Diet-gene interactions in estrogen-induced mammary carcinogenesis in the ACI rat.

It is well accepted that hormonal, dietary and genetic factors each influence breast cancer risk. However, the underlying mechanisms and the extent to which these factors interact are largely unknown. We have demonstrated that the female ACI rat exhibits a unique genetically conferred propensity to develop mammary cancers when treated with physiological levels of 17beta-estradiol (E2). More recently, we have mapped to rat chromosome 5 a strong genetic modifier of susceptibility to E2-induced mammary cancers, termed estrogen-induced mammary cancer 1 (Emca1), and have identified potential Emca1 candidate genes. Because estrogens have been inextricably linked to the genesis of breast cancer in humans, the ACI rat model has the potential to reveal novel physiologically relevant insights into how the contributory actions of E2 are modified by specific dietary factors. In the present study, we have examined the ability of a 40% restriction of dietary energy consumption to inhibit E2-induced mammary carcinogenesis. The hypothesis tested was that energy restriction will inhibit mammary carcinogenesis even when circulating E2 remains elevated through administration of exogenous hormone. The data presented herein strongly suggest that energy restriction inhibits E2-induced mammary carcinogenesis in the ACI rat at least partly by retarding progression of atypical hyperplastic foci to carcinoma.

Susceptibility to estrogen-induced mammary cancer segregates as an incompletely dominant phenotype in reciprocal crosses between the ACI and Copenhagen rat strains.
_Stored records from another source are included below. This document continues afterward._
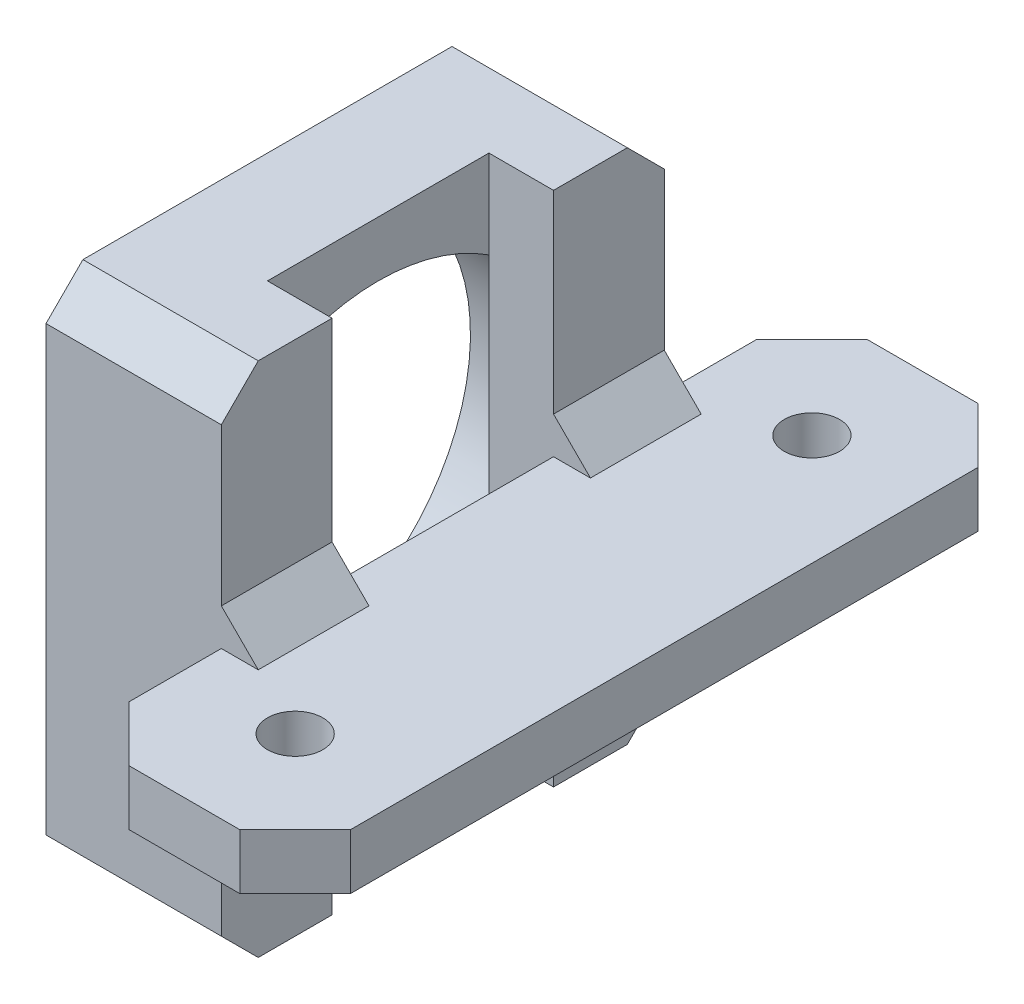
ISO-10303-21;
HEADER;
FILE_DESCRIPTION(('STEP AP214'),'2;1');
FILE_NAME('part.step','',(''),(''),'','','');
FILE_SCHEMA(('AUTOMOTIVE_DESIGN { 1 0 10303 214 1 1 1 1 }'));
ENDSEC;
DATA;
#1=APPLICATION_CONTEXT('core data for automotive mechanical design processes');
#2=APPLICATION_PROTOCOL_DEFINITION('international standard','automotive_design',2000,#1);
#3=PRODUCT_CONTEXT('',#1,'mechanical');
#4=PRODUCT('Part','Part','',(#3));
#5=PRODUCT_RELATED_PRODUCT_CATEGORY('part','',(#4));
#6=PRODUCT_DEFINITION_FORMATION('','',#4);
#7=PRODUCT_DEFINITION_CONTEXT('part definition',#1,'design');
#8=PRODUCT_DEFINITION('design','',#6,#7);
#9=PRODUCT_DEFINITION_SHAPE('','',#8);
#10=(LENGTH_UNIT() NAMED_UNIT(*) SI_UNIT(.MILLI.,.METRE.));
#11=(NAMED_UNIT(*) PLANE_ANGLE_UNIT() SI_UNIT($,.RADIAN.));
#12=(NAMED_UNIT(*) SI_UNIT($,.STERADIAN.) SOLID_ANGLE_UNIT());
#13=UNCERTAINTY_MEASURE_WITH_UNIT(LENGTH_MEASURE(1.E-05),#10,'distance_accuracy_value','');
#14=(GEOMETRIC_REPRESENTATION_CONTEXT(3) GLOBAL_UNCERTAINTY_ASSIGNED_CONTEXT((#13)) GLOBAL_UNIT_ASSIGNED_CONTEXT((#10,
#11,#12)) REPRESENTATION_CONTEXT('',''));
#15=CARTESIAN_POINT('',(0.,0.,0.));
#16=DIRECTION('',(0.,0.,1.));
#17=DIRECTION('',(1.,0.,0.));
#18=AXIS2_PLACEMENT_3D('',#15,#16,#17);
#19=CARTESIAN_POINT('',(-9.5,-12.5,6.));
#20=DIRECTION('',(-1.,0.,0.));
#21=DIRECTION('',(0.,0.,1.));
#22=AXIS2_PLACEMENT_3D('',#19,#20,#21);
#23=PLANE('',#22);
#24=DIRECTION('',(0.,1.,0.));
#25=VECTOR('',#24,1.);
#26=CARTESIAN_POINT('',(-9.5,-12.5,6.));
#27=LINE('',#26,#25);
#28=CARTESIAN_POINT('',(-9.5,-7.71954445729289,6.));
#29=VERTEX_POINT('',#28);
#30=CARTESIAN_POINT('',(-9.5,10.7195444572929,6.));
#31=VERTEX_POINT('',#30);
#32=EDGE_CURVE('E338',#29,#31,#27,.T.);
#33=ORIENTED_EDGE('',*,*,#32,.F.);
#34=CARTESIAN_POINT('',(-9.5,1.5,0.));
#35=DIRECTION('',(-1.,0.,0.));
#36=DIRECTION('',(0.,0.,1.));
#37=AXIS2_PLACEMENT_3D('',#34,#35,#36);
#38=CIRCLE('',#37,11.);
#39=EDGE_CURVE('E607',#29,#31,#38,.T.);
#40=ORIENTED_EDGE('',*,*,#39,.T.);
#41=EDGE_LOOP('',(#33,#40));
#42=FACE_BOUND('',#41,.T.);
#43=ADVANCED_FACE('F95',(#42),#23,.T.);
#44=CARTESIAN_POINT('',(-9.5,-12.5,-12.));
#45=DIRECTION('',(-1.,0.,0.));
#46=DIRECTION('',(0.,0.,1.));
#47=AXIS2_PLACEMENT_3D('',#44,#45,#46);
#48=PLANE('',#47);
#49=DIRECTION('',(0.,1.,0.));
#50=VECTOR('',#49,1.);
#51=CARTESIAN_POINT('',(-9.5,-12.5,-6.));
#52=LINE('',#51,#50);
#53=CARTESIAN_POINT('',(-9.5,-7.71954445729289,-6.));
#54=VERTEX_POINT('',#53);
#55=CARTESIAN_POINT('',(-9.5,10.7195444572929,-6.));
#56=VERTEX_POINT('',#55);
#57=EDGE_CURVE('E573',#54,#56,#52,.T.);
#58=ORIENTED_EDGE('',*,*,#57,.T.);
#59=EDGE_CURVE('E500',#56,#54,#38,.T.);
#60=ORIENTED_EDGE('',*,*,#59,.T.);
#61=EDGE_LOOP('',(#58,#60));
#62=FACE_BOUND('',#61,.T.);
#63=ADVANCED_FACE('F601',(#62),#48,.T.);
#64=CARTESIAN_POINT('',(-6.,3.,-17.));
#65=DIRECTION('',(1.,0.,0.));
#66=DIRECTION('',(0.,0.,-1.));
#67=AXIS2_PLACEMENT_3D('',#64,#65,#66);
#68=PLANE('',#67);
#69=DIRECTION('',(0.,1.,0.));
#70=VECTOR('',#69,1.);
#71=CARTESIAN_POINT('',(-6.,-12.5,-6.));
#72=LINE('',#71,#70);
#73=CARTESIAN_POINT('',(-6.,0.,-6.));
#74=VERTEX_POINT('',#73);
#75=CARTESIAN_POINT('',(-6.,3.,-6.));
#76=VERTEX_POINT('',#75);
#77=EDGE_CURVE('E444',#74,#76,#72,.T.);
#78=ORIENTED_EDGE('',*,*,#77,.F.);
#79=DIRECTION('',(0.,0.,1.));
#80=VECTOR('',#79,1.);
#81=CARTESIAN_POINT('',(-6.,0.,-17.));
#82=LINE('',#81,#80);
#83=CARTESIAN_POINT('',(-6.,0.,6.));
#84=VERTEX_POINT('',#83);
#85=EDGE_CURVE('E420',#74,#84,#82,.T.);
#86=ORIENTED_EDGE('',*,*,#85,.T.);
#87=DIRECTION('',(0.,1.,0.));
#88=VECTOR('',#87,1.);
#89=CARTESIAN_POINT('',(-6.,-12.5,6.));
#90=LINE('',#89,#88);
#91=CARTESIAN_POINT('',(-6.,3.,6.));
#92=VERTEX_POINT('',#91);
#93=EDGE_CURVE('E423',#84,#92,#90,.T.);
#94=ORIENTED_EDGE('',*,*,#93,.T.);
#95=DIRECTION('',(0.,0.,1.));
#96=VECTOR('',#95,1.);
#97=CARTESIAN_POINT('',(-6.,3.,-17.));
#98=LINE('',#97,#96);
#99=EDGE_CURVE('E398',#76,#92,#98,.T.);
#100=ORIENTED_EDGE('',*,*,#99,.F.);
#101=EDGE_LOOP('',(#78,#86,#94,#100));
#102=FACE_BOUND('',#101,.T.);
#103=ADVANCED_FACE('F665',(#102),#68,.F.);
#104=DIRECTION('',(0.,1.,0.));
#105=VECTOR('',#104,1.);
#106=CARTESIAN_POINT('',(-6.,-12.5,12.));
#107=LINE('',#106,#105);
#108=CARTESIAN_POINT('',(-6.,0.,12.));
#109=VERTEX_POINT('',#108);
#110=CARTESIAN_POINT('',(-6.,3.,12.));
#111=VERTEX_POINT('',#110);
#112=EDGE_CURVE('E545',#109,#111,#107,.T.);
#113=ORIENTED_EDGE('',*,*,#112,.F.);
#114=CARTESIAN_POINT('',(-6.,0.,17.));
#115=VERTEX_POINT('',#114);
#116=EDGE_CURVE('E417',#109,#115,#82,.T.);
#117=ORIENTED_EDGE('',*,*,#116,.T.);
#118=DIRECTION('',(0.,-1.,0.));
#119=VECTOR('',#118,1.);
#120=CARTESIAN_POINT('',(-6.,3.,17.));
#121=LINE('',#120,#119);
#122=CARTESIAN_POINT('',(-6.,3.,17.));
#123=VERTEX_POINT('',#122);
#124=EDGE_CURVE('E424',#123,#115,#121,.T.);
#125=ORIENTED_EDGE('',*,*,#124,.F.);
#126=EDGE_CURVE('E393',#111,#123,#98,.T.);
#127=ORIENTED_EDGE('',*,*,#126,.F.);
#128=EDGE_LOOP('',(#113,#117,#125,#127));
#129=FACE_BOUND('',#128,.T.);
#130=ADVANCED_FACE('F649',(#129),#68,.F.);
#131=CARTESIAN_POINT('',(0.,3.,0.));
#132=DIRECTION('',(0.,-1.,0.));
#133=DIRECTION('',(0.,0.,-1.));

Estrogens have been inextricably linked to the etiology of breast cancer. We have demonstrated that the female ACI rat exhibits a unique propensity to develop mammary cancers when treated continuously with physiological levels of 17 beta-estradiol (E2). The E2-induced mammary cancers are estrogen dependent and exhibit genomic instability. In contrast, the genetically related Copenhagen (COP) rat strain is relatively resistant to E2-induced mammary cancers. In this study we evaluated susceptibility to E2-induced mammary cancers in first filial (F(1)), second filial (F(2)), and backcross (BC) progeny generated from reciprocal intercrosses between the ACI and COP strains. F(1) progeny resembled the parental ACI strain with respect to incidence of E2-induced mammary cancers. However, latency was significantly prolonged in the F(1) populations. These data indicate that susceptibility behaves as an incompletely dominant phenotype in these crosses. Analysis of phenotypes exhibited by the F(1), F(2), and BC populations suggests that mammary cancer susceptibility is modified by one or two genetic loci in the reciprocal intercrosses between the ACI and COP strains. Susceptibility to E2-induced mammary cancers did not correlate with E2-induced pituitary growth in the genetically diverse F(2) and BC populations, suggesting that the genetic bases for susceptibility to E2-induced mammary cancers differ from those for E2-induced lactotroph hyperplasia.

Rat strain-specific actions of 17beta-estradiol in the mammary gland: correlation between estrogen-induced lobuloalveolar hyperplasia and susceptibility to estrogen-induced mammary cancers.

The genetically related ACI and Copenhagen (COP) rat strains display diametrically opposed susceptibilities to mammary cancer development when treated chronically with 17beta-estradiol (E2). Here, we compare the actions of E2 on cell proliferation and lobuloalveolar development in the mammary glands of female ACI and COP rats. After 12 wk of E2 treatment, the mammary glands of ACI rats exhibited a significantly greater proliferative response to E2, compared with COP rats, as evidenced by quantification of S phase fraction and development of lobuloalveolar hyperplasia. Focal regions of atypical epithelial hyperplasia were observed in ACI, but not COP, rats. These strain differences were not because of differences in circulating E2, progesterone or, prolactin. Two-thirds of the induced mammary cancers in ACI rats exhibited aneuploidy. The E2-induced mammary cancers regressed when hormone treatment was discontinued, indicating that they were estrogen-dependent. Progesterone receptor was expressed by the great majority of epithelial cells within the E2-induced atypical hyperplastic foci and the mammary carcinomas, suggesting a link between these lesions. These data demonstrate a correlation between E2 action in the induction of mammary cell proliferation and atypical epithelial hyperplasia and genetically conferred susceptibility to E2-induced mammary cancers.